- _ABOUT THIS EXERCISE_
Your task is to find every line of the data that holds the string "schematic" and copy it.

*** GIVEN RECORDS ***

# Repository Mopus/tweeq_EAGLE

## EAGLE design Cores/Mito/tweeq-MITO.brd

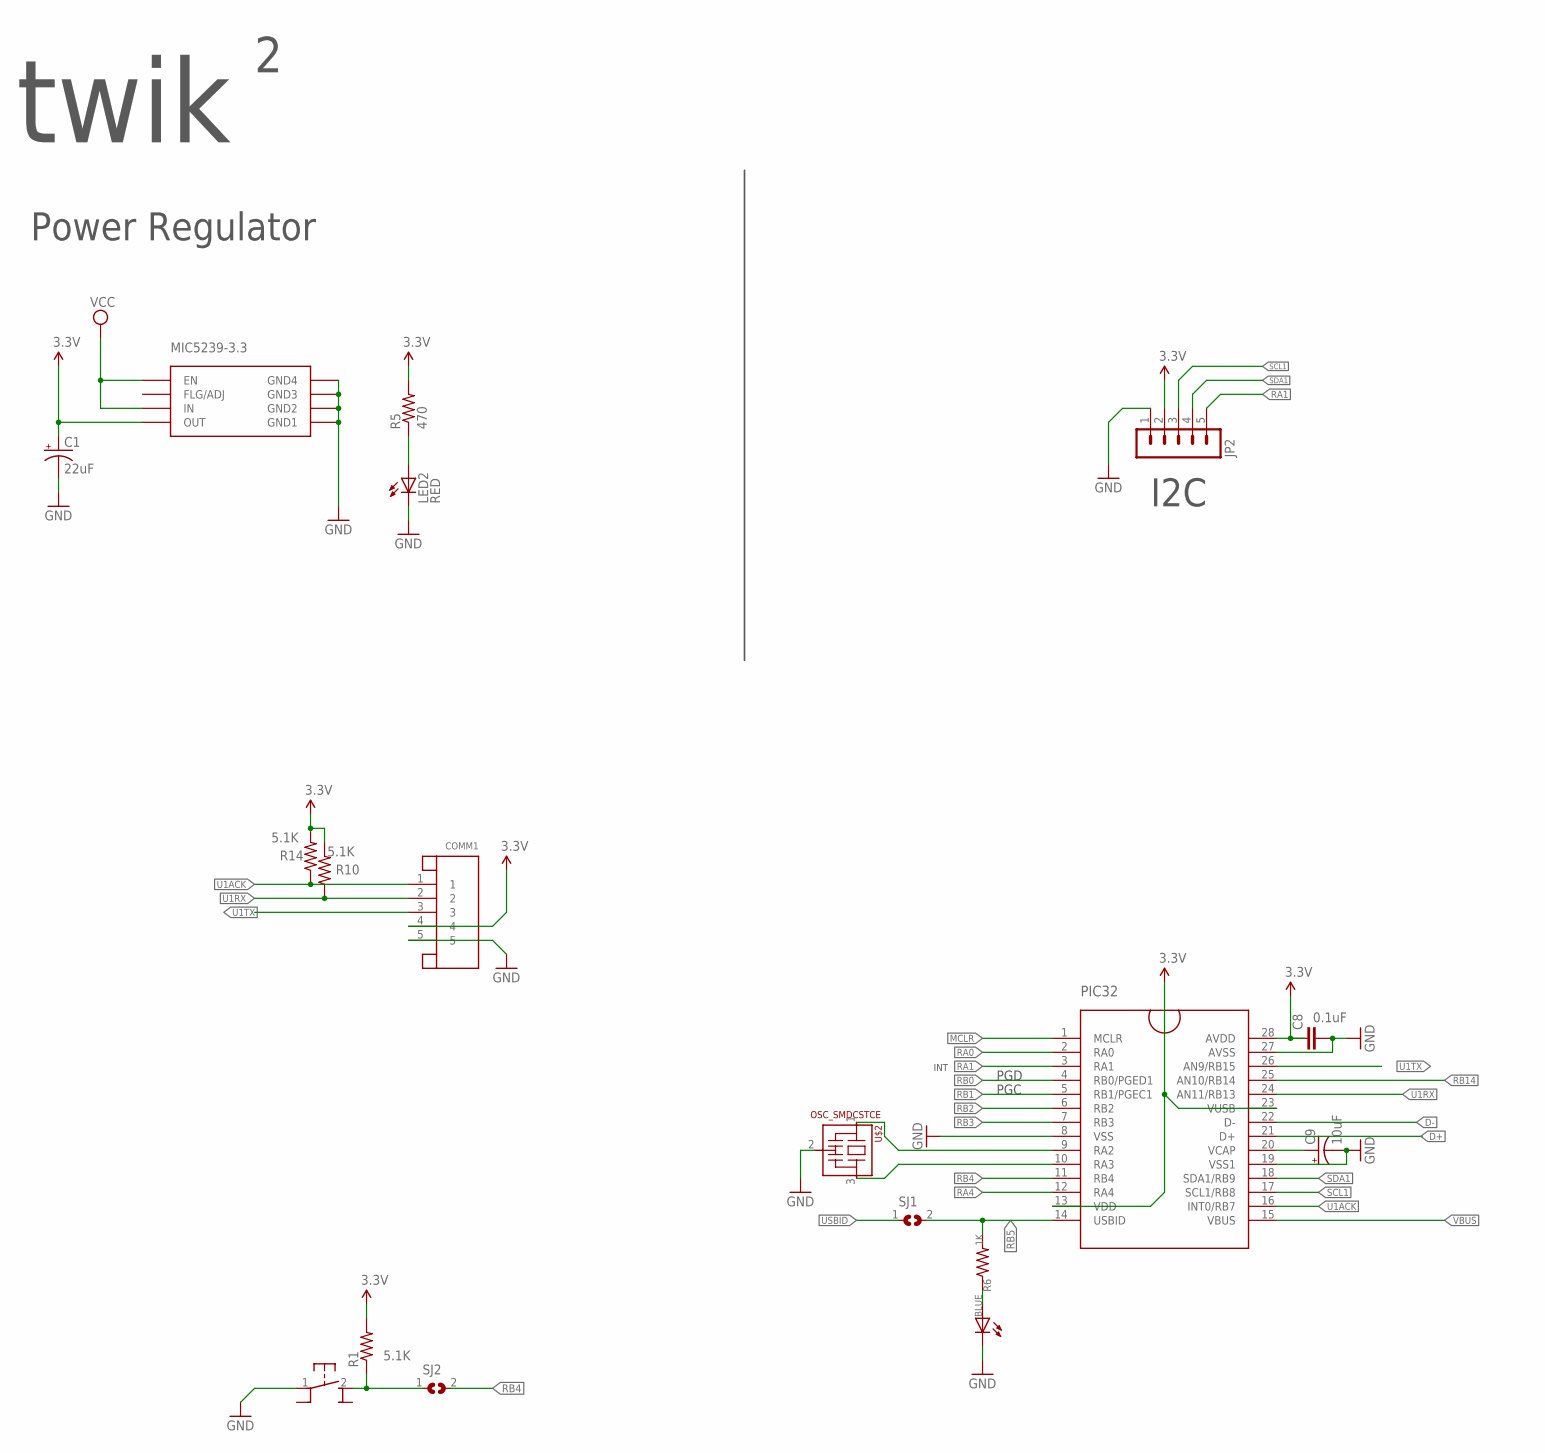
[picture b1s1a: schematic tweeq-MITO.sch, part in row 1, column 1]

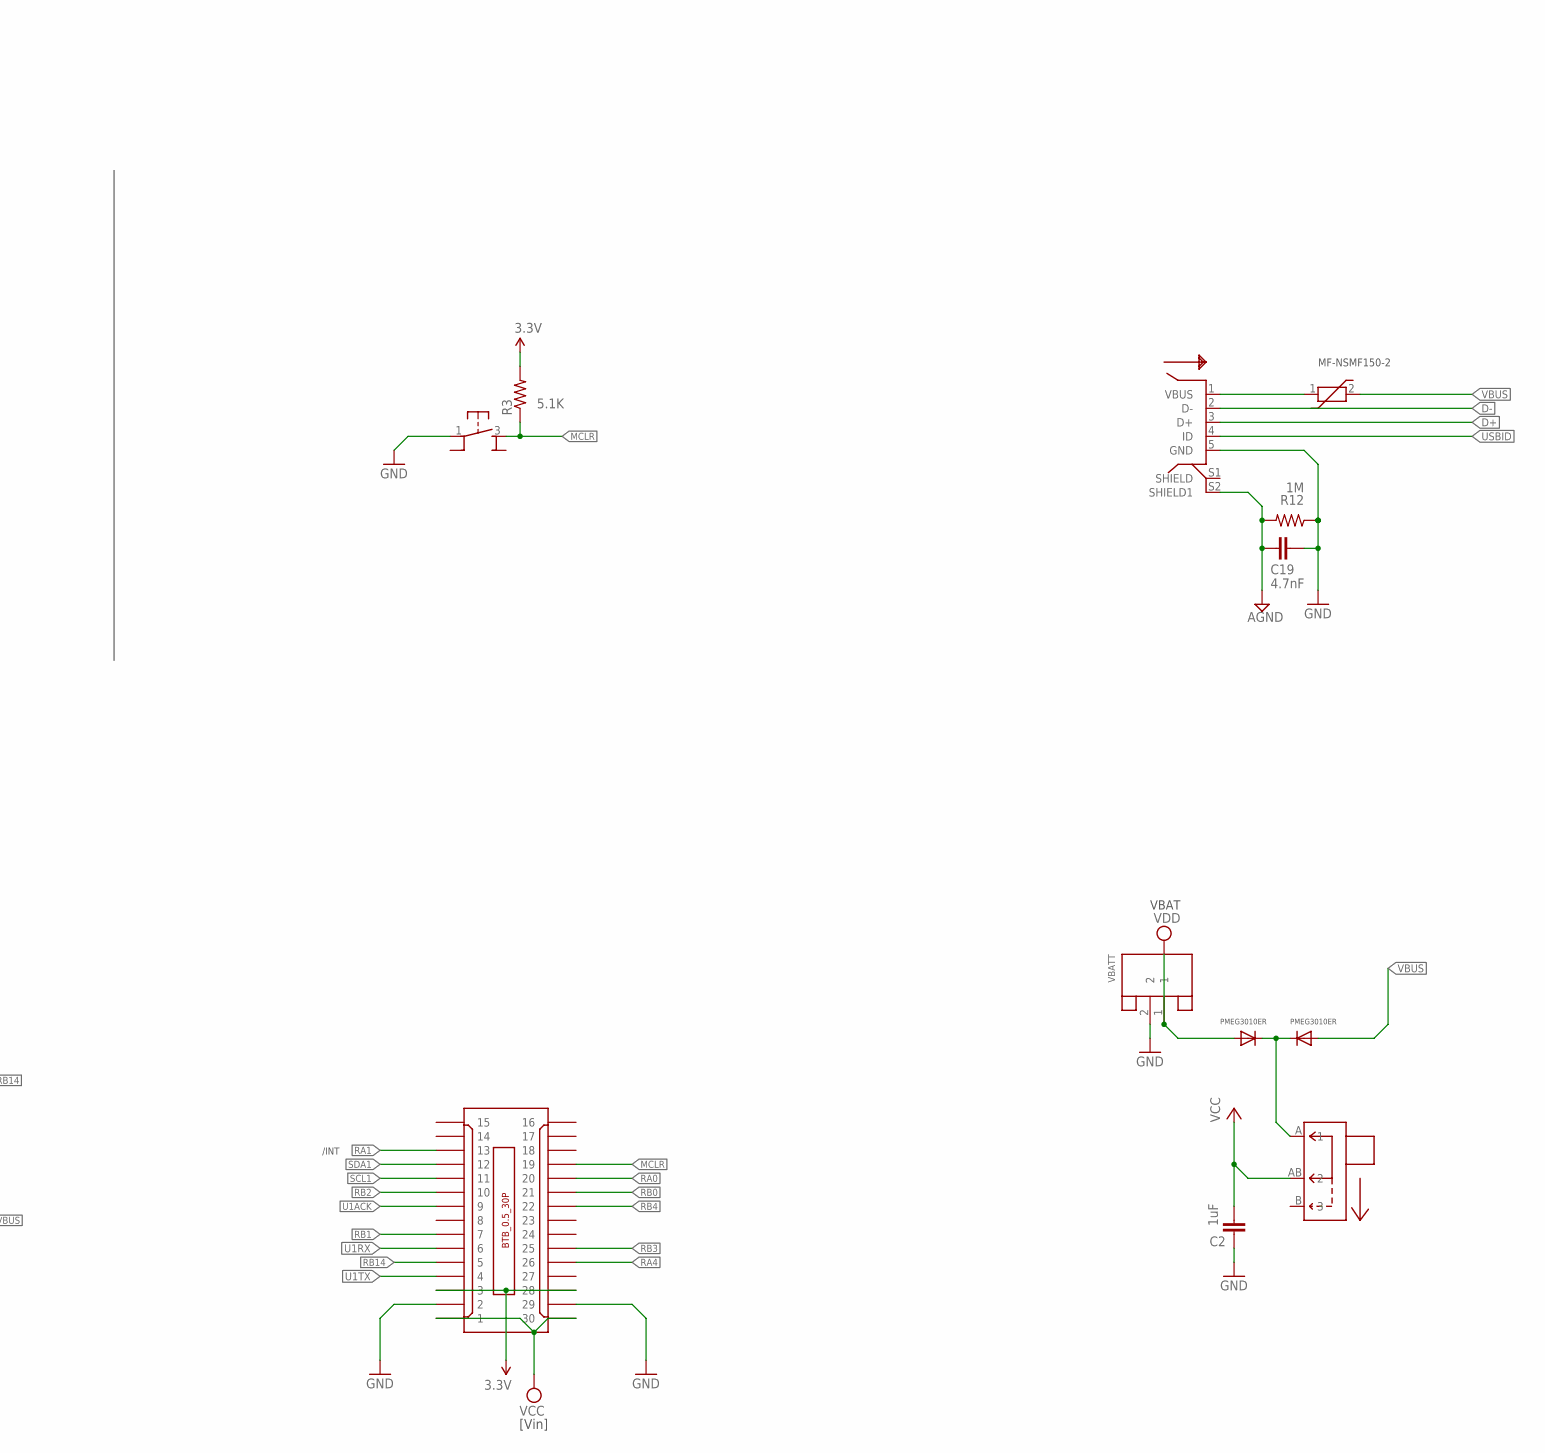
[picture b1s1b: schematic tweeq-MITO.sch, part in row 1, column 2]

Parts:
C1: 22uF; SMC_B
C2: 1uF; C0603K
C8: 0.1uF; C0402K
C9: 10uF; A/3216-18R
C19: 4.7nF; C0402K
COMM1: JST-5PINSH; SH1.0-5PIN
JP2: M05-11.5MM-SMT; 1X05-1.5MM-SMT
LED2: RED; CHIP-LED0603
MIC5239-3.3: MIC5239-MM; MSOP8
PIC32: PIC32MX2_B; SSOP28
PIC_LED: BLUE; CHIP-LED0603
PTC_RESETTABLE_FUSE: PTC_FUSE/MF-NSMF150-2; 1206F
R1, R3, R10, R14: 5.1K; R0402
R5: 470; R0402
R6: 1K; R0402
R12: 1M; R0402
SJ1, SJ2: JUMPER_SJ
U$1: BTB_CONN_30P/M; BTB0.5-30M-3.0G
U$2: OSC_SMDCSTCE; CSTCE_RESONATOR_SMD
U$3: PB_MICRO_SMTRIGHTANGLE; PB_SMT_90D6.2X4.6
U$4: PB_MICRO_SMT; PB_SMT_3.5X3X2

***

- _RESULT OF THIS TASK_
[picture b1s1a: schematic tweeq-MITO.sch, part in row 1, column 1]
[picture b1s1b: schematic tweeq-MITO.sch, part in row 1, column 2]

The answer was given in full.